### About this task
For the entries that appear below, write out the exact text and omit the pictures.

### Provided material
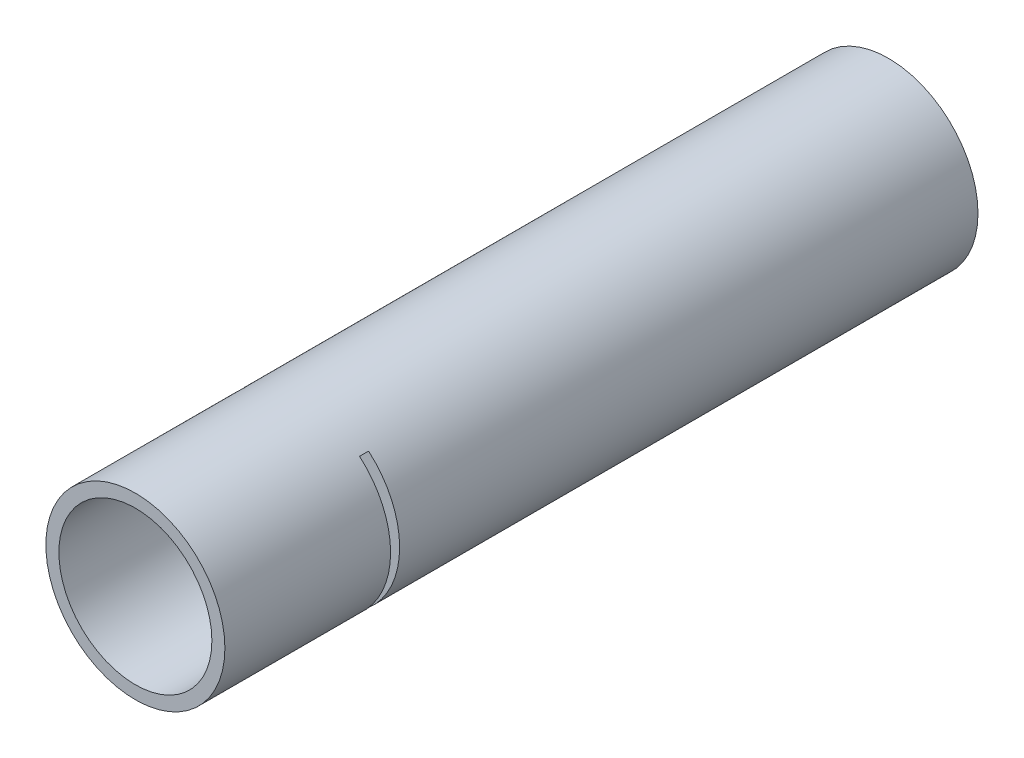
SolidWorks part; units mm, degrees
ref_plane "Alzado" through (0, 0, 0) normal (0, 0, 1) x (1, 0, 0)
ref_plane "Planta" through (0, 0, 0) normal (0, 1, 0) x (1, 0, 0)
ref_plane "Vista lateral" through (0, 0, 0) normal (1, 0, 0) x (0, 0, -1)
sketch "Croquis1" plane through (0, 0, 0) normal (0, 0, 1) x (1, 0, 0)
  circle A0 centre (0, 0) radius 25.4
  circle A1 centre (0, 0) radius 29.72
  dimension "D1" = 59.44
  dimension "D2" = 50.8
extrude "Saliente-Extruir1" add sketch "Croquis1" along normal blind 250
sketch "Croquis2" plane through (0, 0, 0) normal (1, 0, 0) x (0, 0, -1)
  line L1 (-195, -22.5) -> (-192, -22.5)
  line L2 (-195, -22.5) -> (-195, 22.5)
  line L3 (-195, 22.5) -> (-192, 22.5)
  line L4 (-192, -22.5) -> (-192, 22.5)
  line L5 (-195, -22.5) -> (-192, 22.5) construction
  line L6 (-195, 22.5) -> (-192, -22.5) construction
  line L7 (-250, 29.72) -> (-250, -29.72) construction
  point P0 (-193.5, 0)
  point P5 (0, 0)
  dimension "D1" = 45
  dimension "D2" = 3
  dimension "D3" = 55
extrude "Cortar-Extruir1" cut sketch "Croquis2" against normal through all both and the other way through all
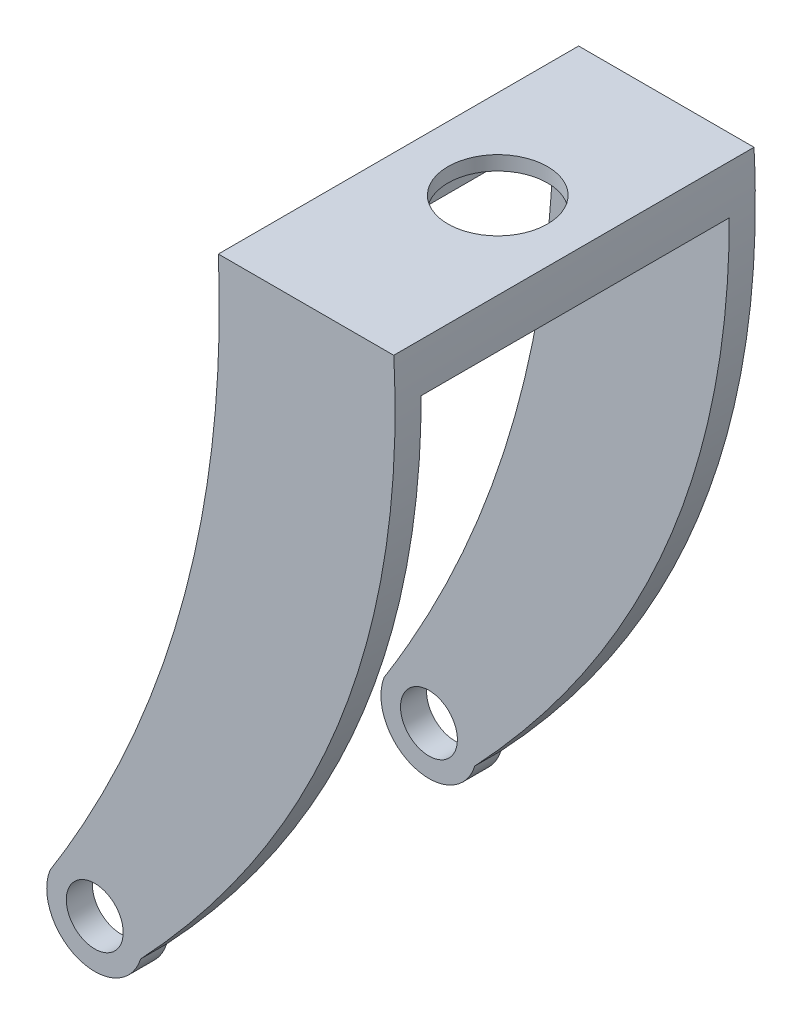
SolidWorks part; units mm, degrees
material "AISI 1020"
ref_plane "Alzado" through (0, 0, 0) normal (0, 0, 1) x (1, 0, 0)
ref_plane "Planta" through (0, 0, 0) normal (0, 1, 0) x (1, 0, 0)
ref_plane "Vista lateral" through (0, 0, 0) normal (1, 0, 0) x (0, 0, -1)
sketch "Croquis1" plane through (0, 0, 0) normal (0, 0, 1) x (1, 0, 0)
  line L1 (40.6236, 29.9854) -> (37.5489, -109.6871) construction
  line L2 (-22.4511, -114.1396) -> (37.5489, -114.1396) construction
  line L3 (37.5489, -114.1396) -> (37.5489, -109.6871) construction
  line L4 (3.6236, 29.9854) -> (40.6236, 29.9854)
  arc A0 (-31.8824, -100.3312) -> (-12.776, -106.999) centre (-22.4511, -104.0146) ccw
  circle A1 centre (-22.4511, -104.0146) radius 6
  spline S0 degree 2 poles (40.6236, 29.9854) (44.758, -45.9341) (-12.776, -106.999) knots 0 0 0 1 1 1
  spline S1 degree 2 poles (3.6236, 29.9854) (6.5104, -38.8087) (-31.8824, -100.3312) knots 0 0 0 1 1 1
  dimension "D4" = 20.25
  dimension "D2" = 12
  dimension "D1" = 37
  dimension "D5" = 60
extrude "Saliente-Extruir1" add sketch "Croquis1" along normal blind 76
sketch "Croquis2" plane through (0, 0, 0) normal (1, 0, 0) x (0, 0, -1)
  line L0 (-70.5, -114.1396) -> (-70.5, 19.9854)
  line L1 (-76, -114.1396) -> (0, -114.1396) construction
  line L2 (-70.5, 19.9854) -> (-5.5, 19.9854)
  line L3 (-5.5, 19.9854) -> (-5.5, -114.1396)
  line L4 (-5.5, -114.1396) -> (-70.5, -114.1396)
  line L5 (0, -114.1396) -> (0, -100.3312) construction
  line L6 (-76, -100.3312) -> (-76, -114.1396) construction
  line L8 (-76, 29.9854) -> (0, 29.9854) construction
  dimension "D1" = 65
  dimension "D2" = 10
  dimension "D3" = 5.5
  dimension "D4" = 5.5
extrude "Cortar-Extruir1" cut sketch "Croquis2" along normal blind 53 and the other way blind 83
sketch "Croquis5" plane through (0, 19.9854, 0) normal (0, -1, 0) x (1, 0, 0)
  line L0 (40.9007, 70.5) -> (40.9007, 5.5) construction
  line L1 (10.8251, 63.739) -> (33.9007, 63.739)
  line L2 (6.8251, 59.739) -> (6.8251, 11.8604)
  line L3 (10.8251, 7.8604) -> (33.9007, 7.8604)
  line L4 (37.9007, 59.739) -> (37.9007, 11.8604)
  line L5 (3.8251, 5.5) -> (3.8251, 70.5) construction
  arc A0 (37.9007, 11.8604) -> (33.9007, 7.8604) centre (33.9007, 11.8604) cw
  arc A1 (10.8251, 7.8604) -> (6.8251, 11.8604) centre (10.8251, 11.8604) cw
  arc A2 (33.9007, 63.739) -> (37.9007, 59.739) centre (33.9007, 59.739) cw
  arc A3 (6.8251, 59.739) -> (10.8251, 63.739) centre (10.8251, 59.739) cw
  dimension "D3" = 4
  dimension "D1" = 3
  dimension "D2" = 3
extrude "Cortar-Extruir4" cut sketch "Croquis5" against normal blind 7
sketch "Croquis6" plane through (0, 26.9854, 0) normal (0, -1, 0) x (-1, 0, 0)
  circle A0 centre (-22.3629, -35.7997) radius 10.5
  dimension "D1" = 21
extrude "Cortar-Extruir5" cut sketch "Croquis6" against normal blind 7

### Problem solution
SolidWorks part; units mm, degrees
ref_plane "Alzado" through (0, 0, 0) normal (0, 0, 1) x (1, 0, 0)
ref_plane "Planta" through (0, 0, 0) normal (0, 1, 0) x (1, 0, 0)
ref_plane "Vista lateral" through (0, 0, 0) normal (1, 0, 0) x (0, 0, -1)
sketch "Croquis1" plane through (0, 0, 0) normal (0, 0, 1) x (1, 0, 0)
  circle A0 centre (0, 0) radius 25.4
  circle A1 centre (0, 0) radius 29.72
  dimension "D1" = 59.44
  dimension "D2" = 50.8
extrude "Saliente-Extruir1" add sketch "Croquis1" along normal blind 250
sketch "Croquis2" plane through (0, 0, 0) normal (1, 0, 0) x (0, 0, -1)
  line L1 (-195, -22.5) -> (-192, -22.5)
  line L2 (-195, -22.5) -> (-195, 22.5)
  line L3 (-195, 22.5) -> (-192, 22.5)
  line L4 (-192, -22.5) -> (-192, 22.5)
  line L5 (-195, -22.5) -> (-192, 22.5) construction
  line L6 (-195, 22.5) -> (-192, -22.5) construction
  line L7 (-250, 29.72) -> (-250, -29.72) construction
  point P0 (-193.5, 0)
  point P5 (0, 0)
  dimension "D1" = 45
  dimension "D2" = 3
  dimension "D3" = 55
extrude "Cortar-Extruir1" cut sketch "Croquis2" against normal through all both and the other way through all
SolidWorks part; units mm, degrees
material "AISI 1020"
ref_plane "Alzado" through (0, 0, 0) normal (0, 0, 1) x (1, 0, 0)
ref_plane "Planta" through (0, 0, 0) normal (0, 1, 0) x (1, 0, 0)
ref_plane "Vista lateral" through (0, 0, 0) normal (1, 0, 0) x (0, 0, -1)
sketch "Croquis1" plane through (0, 0, 0) normal (0, 0, 1) x (1, 0, 0)
  line L1 (40.6236, 29.9854) -> (37.5489, -109.6871) construction
  line L2 (-22.4511, -114.1396) -> (37.5489, -114.1396) construction
  line L3 (37.5489, -114.1396) -> (37.5489, -109.6871) construction
  line L4 (3.6236, 29.9854) -> (40.6236, 29.9854)
  arc A0 (-31.8824, -100.3312) -> (-12.776, -106.999) centre (-22.4511, -104.0146) ccw
  circle A1 centre (-22.4511, -104.0146) radius 6
  spline S0 degree 2 poles (40.6236, 29.9854) (44.758, -45.9341) (-12.776, -106.999) knots 0 0 0 1 1 1
  spline S1 degree 2 poles (3.6236, 29.9854) (6.5104, -38.8087) (-31.8824, -100.3312) knots 0 0 0 1 1 1
  dimension "D4" = 20.25
  dimension "D2" = 12
  dimension "D1" = 37
  dimension "D5" = 60
extrude "Saliente-Extruir1" add sketch "Croquis1" along normal blind 76
sketch "Croquis2" plane through (0, 0, 0) normal (1, 0, 0) x (0, 0, -1)
  line L0 (-70.5, -114.1396) -> (-70.5, 19.9854)
  line L1 (-76, -114.1396) -> (0, -114.1396) construction
  line L2 (-70.5, 19.9854) -> (-5.5, 19.9854)
  line L3 (-5.5, 19.9854) -> (-5.5, -114.1396)
  line L4 (-5.5, -114.1396) -> (-70.5, -114.1396)
  line L5 (0, -114.1396) -> (0, -100.3312) construction
  line L6 (-76, -100.3312) -> (-76, -114.1396) construction
  line L8 (-76, 29.9854) -> (0, 29.9854) construction
  dimension "D1" = 65
  dimension "D2" = 10
  dimension "D3" = 5.5
  dimension "D4" = 5.5
extrude "Cortar-Extruir1" cut sketch "Croquis2" along normal blind 53 and the other way blind 83
sketch "Croquis5" plane through (0, 19.9854, 0) normal (0, -1, 0) x (1, 0, 0)
  line L0 (40.9007, 70.5) -> (40.9007, 5.5) construction
  line L1 (10.8251, 63.739) -> (33.9007, 63.739)
  line L2 (6.8251, 59.739) -> (6.8251, 11.8604)
  line L3 (10.8251, 7.8604) -> (33.9007, 7.8604)
  line L4 (37.9007, 59.739) -> (37.9007, 11.8604)
  line L5 (3.8251, 5.5) -> (3.8251, 70.5) construction
  arc A0 (37.9007, 11.8604) -> (33.9007, 7.8604) centre (33.9007, 11.8604) cw
  arc A1 (10.8251, 7.8604) -> (6.8251, 11.8604) centre (10.8251, 11.8604) cw
  arc A2 (33.9007, 63.739) -> (37.9007, 59.739) centre (33.9007, 59.739) cw
  arc A3 (6.8251, 59.739) -> (10.8251, 63.739) centre (10.8251, 59.739) cw
  dimension "D3" = 4
  dimension "D1" = 3
  dimension "D2" = 3
extrude "Cortar-Extruir4" cut sketch "Croquis5" against normal blind 7
sketch "Croquis6" plane through (0, 26.9854, 0) normal (0, -1, 0) x (-1, 0, 0)
  circle A0 centre (-22.3629, -35.7997) radius 10.5
  dimension "D1" = 21
extrude "Cortar-Extruir5" cut sketch "Croquis6" against normal blind 7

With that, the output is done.